Audit ($25K · 30 days) = retrospective cover-your-ass. Monitor ($60K/yr) = ongoing cover-your-ass. Defend ($250K · matter-scoped) = active-litigation cover-your-ass. This is how law firms bill and how GCs buy. Nobody else in AI infra prices this way because nobody else in AI infra has admitted that the buyer of compliance tools is the person who gets sued.

Why not LangSmith? Why not Credo AI?

An honest read of the adjacent categories. We are not an observability platform. We are not a policy-pack vendor. If you need traces, use LangSmith. If you need an EU AI Act packet, use Credo AI. If you need evidence that a model's sycophancy profile matches what the plaintiff will cite in discovery — that is the only thing we sell.

Category	Who	Buyer	Sycophancy?	Peer-reviewed?	Evidence-grade log?
LLM observability	LangSmith, Langfuse, Helicone, Braintrust, Humanloop, Arize	DevOps / MLE	No	No (LLM-as-judge)	No (standard logs)
AI governance	Credo AI, Holistic AI, Fiddler AI	CISO / CCO	No	Partial (EU AI Act, NIST, ISO 42001)	No
Sycophancy spec	SYCOPHANCY.md (open spec)	N/A — README	Spec only	No	No
Academic prior art	ELEPHANT (Cheng et al.), AuditableLLM (MDPI)	None — unproductized	Yes (research)	Yes	Paper, not product
Sycoindex	The evidence layer for LLM honesty	General Counsel · E&O carrier	5-dimension API	Cheng et al. arXiv:2505.13995	SHA-256 hash chain

The gap in one sentence

LangSmith and Langfuse will tell you what your model said. Credo AI will tell you which policies you're supposed to have. The Cheng et al. paper will tell you how to measure sycophancy. None of them will hand a General Counsel a sealed, peer-reviewed, tamper-evident PDF with the plaintiff's expert-witness methodology already baked in. That PDF is the only thing we sell.

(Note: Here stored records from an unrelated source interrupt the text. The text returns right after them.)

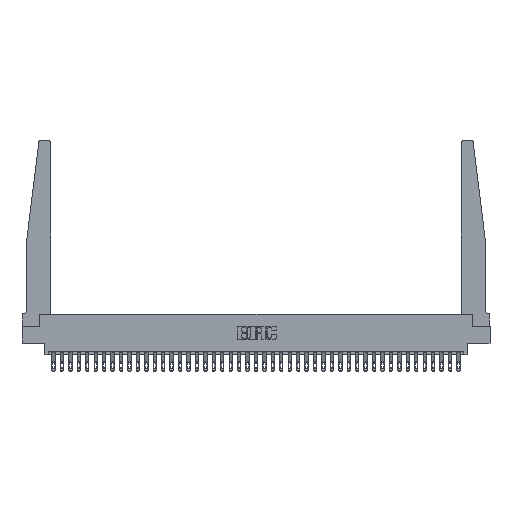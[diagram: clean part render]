
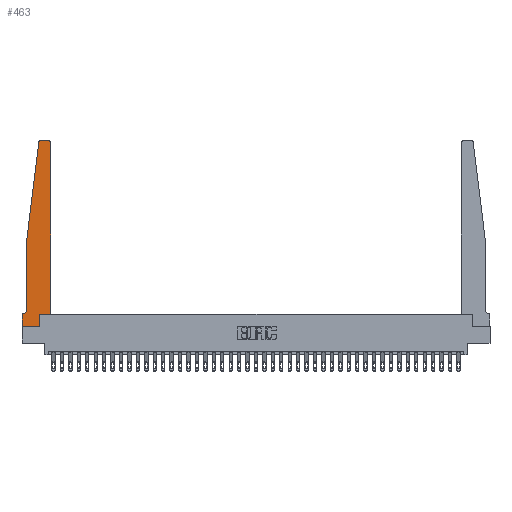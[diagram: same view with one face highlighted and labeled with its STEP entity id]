
A CAD part, top view. The second image highlights one B-rep face of the part: STEP entity #463.
In plain terms, the highlighted planar face has unit normal (0, 0, 1).
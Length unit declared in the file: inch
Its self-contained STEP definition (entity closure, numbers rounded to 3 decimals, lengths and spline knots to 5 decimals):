
#34 = CIRCLE ( 'NONE', #22391, 0.03 ) ;
#463 = ADVANCED_FACE ( 'NONE', ( #3822 ), #7894, .T. ) ;
#1193 = DIRECTION ( 'NONE',  ( 0., -1., 0. ) ) ;
#1261 = CARTESIAN_POINT ( 'NONE',  ( 0.24675, 2.72367, 0.37 ) ) ;
#1731 = ORIENTED_EDGE ( 'NONE', *, *, #17886, .T. ) ;
#2068 = CARTESIAN_POINT ( 'NONE',  ( 0., 0.1875, 0.37 ) ) ;
#2370 = LINE ( 'NONE', #29196, #31344 ) ;
#2500 = DIRECTION ( 'NONE',  ( 0., 1., 0. ) ) ;
#3093 = CIRCLE ( 'NONE', #16917, 0.03 ) ;
#3393 = CARTESIAN_POINT ( 'NONE',  ( 0.425, 2.72, 0.37 ) ) ;
#3453 = DIRECTION ( 'NONE',  ( -1., 0., 0. ) ) ;
#3567 = LINE ( 'NONE', #25438, #31658 ) ;
#3822 = FACE_OUTER_BOUND ( 'NONE', #19688, .T. ) ;
#4320 = VECTOR ( 'NONE', #32512, 39.37008 ) ;
#4388 = VECTOR ( 'NONE', #21790, 39.37008 ) ;
#4982 = CIRCLE ( 'NONE', #33334, 0.05 ) ;
#5055 = CARTESIAN_POINT ( 'NONE',  ( 0.425, 0.18, 0.37 ) ) ;
#5351 = DIRECTION ( 'NONE',  ( 1., 0., 0. ) ) ;
#5853 = DIRECTION ( 'NONE',  ( 0., 0., 1. ) ) ;
#6165 = LINE ( 'NONE', #29987, #26819 ) ;
#6804 = ORIENTED_EDGE ( 'NONE', *, *, #22108, .T. ) ;
#7146 = CARTESIAN_POINT ( 'NONE',  ( 0.27653, 2.75, 0.37 ) ) ;
#7587 = VERTEX_POINT ( 'NONE', #23043 ) ;
#7894 = PLANE ( 'NONE',  #12263 ) ;
#9590 = VERTEX_POINT ( 'NONE', #24370 ) ;
#10097 = VERTEX_POINT ( 'NONE', #7146 ) ;
#10735 = DIRECTION ( 'NONE',  ( 0., 0., 1. ) ) ;
#10782 = VECTOR ( 'NONE', #5351, 39.37008 ) ;
#10843 = ORIENTED_EDGE ( 'NONE', *, *, #31846, .T. ) ;
#11038 = CARTESIAN_POINT ( 'NONE',  ( 0.2605, 0.18, 0.37 ) ) ;
#11094 = ORIENTED_EDGE ( 'NONE', *, *, #22987, .T. ) ;
#11398 = VECTOR ( 'NONE', #3453, 39.37008 ) ;
#11482 = DIRECTION ( 'NONE',  ( -0.122, -0.992, 0. ) ) ;
#11717 = EDGE_CURVE ( 'NONE', #7587, #34253, #33079, .T. ) ;
#11916 = LINE ( 'NONE', #35646, #4388 ) ;
#12256 = CARTESIAN_POINT ( 'NONE',  ( 0.015, 0.2375, 0.37 ) ) ;
#12263 = AXIS2_PLACEMENT_3D ( 'NONE', #24707, #10735, #30307 ) ;
#12573 = VERTEX_POINT ( 'NONE', #14670 ) ;
#13165 = VERTEX_POINT ( 'NONE', #3393 ) ;
#13767 = VERTEX_POINT ( 'NONE', #28916 ) ;
#13838 = VECTOR ( 'NONE', #2500, 39.37008 ) ;
#14275 = ORIENTED_EDGE ( 'NONE', *, *, #34678, .T. ) ;
#14670 = CARTESIAN_POINT ( 'NONE',  ( 0.065, 0.2375, 0.37 ) ) ;
#14702 = CARTESIAN_POINT ( 'NONE',  ( 0.065, 0.1875, 0.37 ) ) ;
#15085 = DIRECTION ( 'NONE',  ( -1., 0., 0. ) ) ;
#15105 = CARTESIAN_POINT ( 'NONE',  ( 0.015, 0.1875, 0.37 ) ) ;
#15552 = DIRECTION ( 'NONE',  ( 0., 0., 1. ) ) ;
#15944 = CARTESIAN_POINT ( 'NONE',  ( 0.065, 1.25, 0.37 ) ) ;
#15966 = EDGE_CURVE ( 'NONE', #22645, #7587, #29583, .T. ) ;
#16231 = EDGE_CURVE ( 'NONE', #12573, #24777, #4982, .T. ) ;
#16669 = ORIENTED_EDGE ( 'NONE', *, *, #23037, .T. ) ;
#16917 = AXIS2_PLACEMENT_3D ( 'NONE', #32268, #15552, #35027 ) ;
#17244 = VECTOR ( 'NONE', #32775, 39.37008 ) ;
#17886 = EDGE_CURVE ( 'NONE', #10097, #30282, #34, .T. ) ;
#18760 = ORIENTED_EDGE ( 'NONE', *, *, #20076, .T. ) ;
#18854 = LINE ( 'NONE', #14702, #11398 ) ;
#19308 = CARTESIAN_POINT ( 'NONE',  ( 0.395, 2.75, 0.37 ) ) ;
#19688 = EDGE_LOOP ( 'NONE', ( #11094, #1731, #6804, #10843, #24908, #14275, #23279, #18760, #31036, #20351, #16669, #23467 ) ) ;
#20076 = EDGE_CURVE ( 'NONE', #13767, #22645, #34104, .T. ) ;
#20341 = CARTESIAN_POINT ( 'NONE',  ( 0.2605, 0., 0.37 ) ) ;
#20351 = ORIENTED_EDGE ( 'NONE', *, *, #11717, .T. ) ;
#21790 = DIRECTION ( 'NONE',  ( 0., 1., 0. ) ) ;
#22108 = EDGE_CURVE ( 'NONE', #30282, #9590, #3567, .T. ) ;
#22391 = AXIS2_PLACEMENT_3D ( 'NONE', #22682, #5853, #25507 ) ;
#22645 = VERTEX_POINT ( 'NONE', #20341 ) ;
#22682 = CARTESIAN_POINT ( 'NONE',  ( 0.27653, 2.72, 0.37 ) ) ;
#22987 = EDGE_CURVE ( 'NONE', #34331, #10097, #6165, .T. ) ;
#23037 = EDGE_CURVE ( 'NONE', #34253, #13165, #11916, .T. ) ;
#23043 = CARTESIAN_POINT ( 'NONE',  ( 0.2605, 0.18, 0.37 ) ) ;
#23279 = ORIENTED_EDGE ( 'NONE', *, *, #27006, .T. ) ;
#23467 = ORIENTED_EDGE ( 'NONE', *, *, #32388, .T. ) ;
#24230 = CARTESIAN_POINT ( 'NONE',  ( 0., 0., 0.37 ) ) ;
#24370 = CARTESIAN_POINT ( 'NONE',  ( 0.065, 1.25, 0.37 ) ) ;
#24383 = DIRECTION ( 'NONE',  ( -1., 0., 0. ) ) ;
#24701 = LINE ( 'NONE', #15944, #17244 ) ;
#24707 = CARTESIAN_POINT ( 'NONE',  ( 0., 0.1875, 0.37 ) ) ;
#24777 = VERTEX_POINT ( 'NONE', #15105 ) ;
#24908 = ORIENTED_EDGE ( 'NONE', *, *, #16231, .T. ) ;
#25438 = CARTESIAN_POINT ( 'NONE',  ( 0.065, 1.25, 0.37 ) ) ;
#25507 = DIRECTION ( 'NONE',  ( 1., 0., 0. ) ) ;
#26819 = VECTOR ( 'NONE', #24383, 39.37008 ) ;
#27006 = EDGE_CURVE ( 'NONE', #32545, #13767, #2370, .T. ) ;
#27675 = CARTESIAN_POINT ( 'NONE',  ( 0.425, 0.18, 0.37 ) ) ;
#28916 = CARTESIAN_POINT ( 'NONE',  ( 0., 0., 0.37 ) ) ;
#29196 = CARTESIAN_POINT ( 'NONE',  ( 0., 0., 0.37 ) ) ;
#29583 = LINE ( 'NONE', #11038, #13838 ) ;
#29987 = CARTESIAN_POINT ( 'NONE',  ( 0.25, 2.75, 0.37 ) ) ;
#30282 = VERTEX_POINT ( 'NONE', #1261 ) ;
#30307 = DIRECTION ( 'NONE',  ( 1., 0., 0. ) ) ;
#31036 = ORIENTED_EDGE ( 'NONE', *, *, #15966, .T. ) ;
#31344 = VECTOR ( 'NONE', #1193, 39.37008 ) ;
#31658 = VECTOR ( 'NONE', #11482, 39.37008 ) ;
#31805 = DIRECTION ( 'NONE',  ( 0., 0., -1. ) ) ;
#31846 = EDGE_CURVE ( 'NONE', #9590, #12573, #24701, .T. ) ;
#32268 = CARTESIAN_POINT ( 'NONE',  ( 0.395, 2.72, 0.37 ) ) ;
#32388 = EDGE_CURVE ( 'NONE', #13165, #34331, #3093, .T. ) ;
#32512 = DIRECTION ( 'NONE',  ( 1., 0., 0. ) ) ;
#32545 = VERTEX_POINT ( 'NONE', #2068 ) ;
#32775 = DIRECTION ( 'NONE',  ( 0., -1., 0. ) ) ;
#33079 = LINE ( 'NONE', #27675, #10782 ) ;
#33334 = AXIS2_PLACEMENT_3D ( 'NONE', #12256, #31805, #15085 ) ;
#34104 = LINE ( 'NONE', #24230, #4320 ) ;
#34253 = VERTEX_POINT ( 'NONE', #5055 ) ;
#34331 = VERTEX_POINT ( 'NONE', #19308 ) ;
#34678 = EDGE_CURVE ( 'NONE', #24777, #32545, #18854, .T. ) ;
#35027 = DIRECTION ( 'NONE',  ( 1., 0., 0. ) ) ;
#35646 = CARTESIAN_POINT ( 'NONE',  ( 0.425, 0.18, 0.37 ) ) ;

Scan conducted April 8, 2026 across LangSmith, Langfuse, Helicone, Braintrust, Humanloop, Arize/Phoenix, Credo AI, Holistic AI, Fiddler AI, SYCOPHANCY.md v1.0 (2026-03-13), AuditableLLM (MDPI, 2026), Anthropic's well-being post, and TechCrunch/Fortune/Georgetown Law coverage of the Dec 9, 2025 42-AG letter. Full source list on /compliance.

What we will not build

Negative space is the other half of a vision.

✕
A chat UI. We are an API and an audit log. The /index consumer product is a demo of the measurement — it is not the roadmap.
✕
A general-purpose "AI observability" platform. We score one thing — sycophancy, five dimensions — and we score it against one peer-reviewed paper. We will not add latency dashboards, cost tracking, or prompt version control. Those tools exist. We do not compete with them.
✕
A self-graded benchmark. We will never publish our own benchmark paper. Our methodology is Cheng et al., full stop. If that paper is ever retracted, we rebuild on the replacement — we do not write our own.
✕
A consumer subscription tier. The consumer product is free and will stay free. It is a marketing surface and a data-generation engine. Revenue comes from Audit, Monitor, and Defend — not from $9/mo plans.
✕
Fake customer logos. We will not put logos on the homepage until we have signed, named, quotable customers. "Trusted by" is the first lie a startup tells; we are not starting there.
✕
A "100% coverage" claim on the 16 safeguards. Five are not in scope and will remain marked "not in scope" forever. We do not stretch coverage to win RFPs.

The test. Every new page, feature, tweet, deck slide, and email must be checkable against one question: does this ladder up to the one sentence at the top of this page? If yes, ship it. If no, cut it. The vision is not decoration — it is a filter.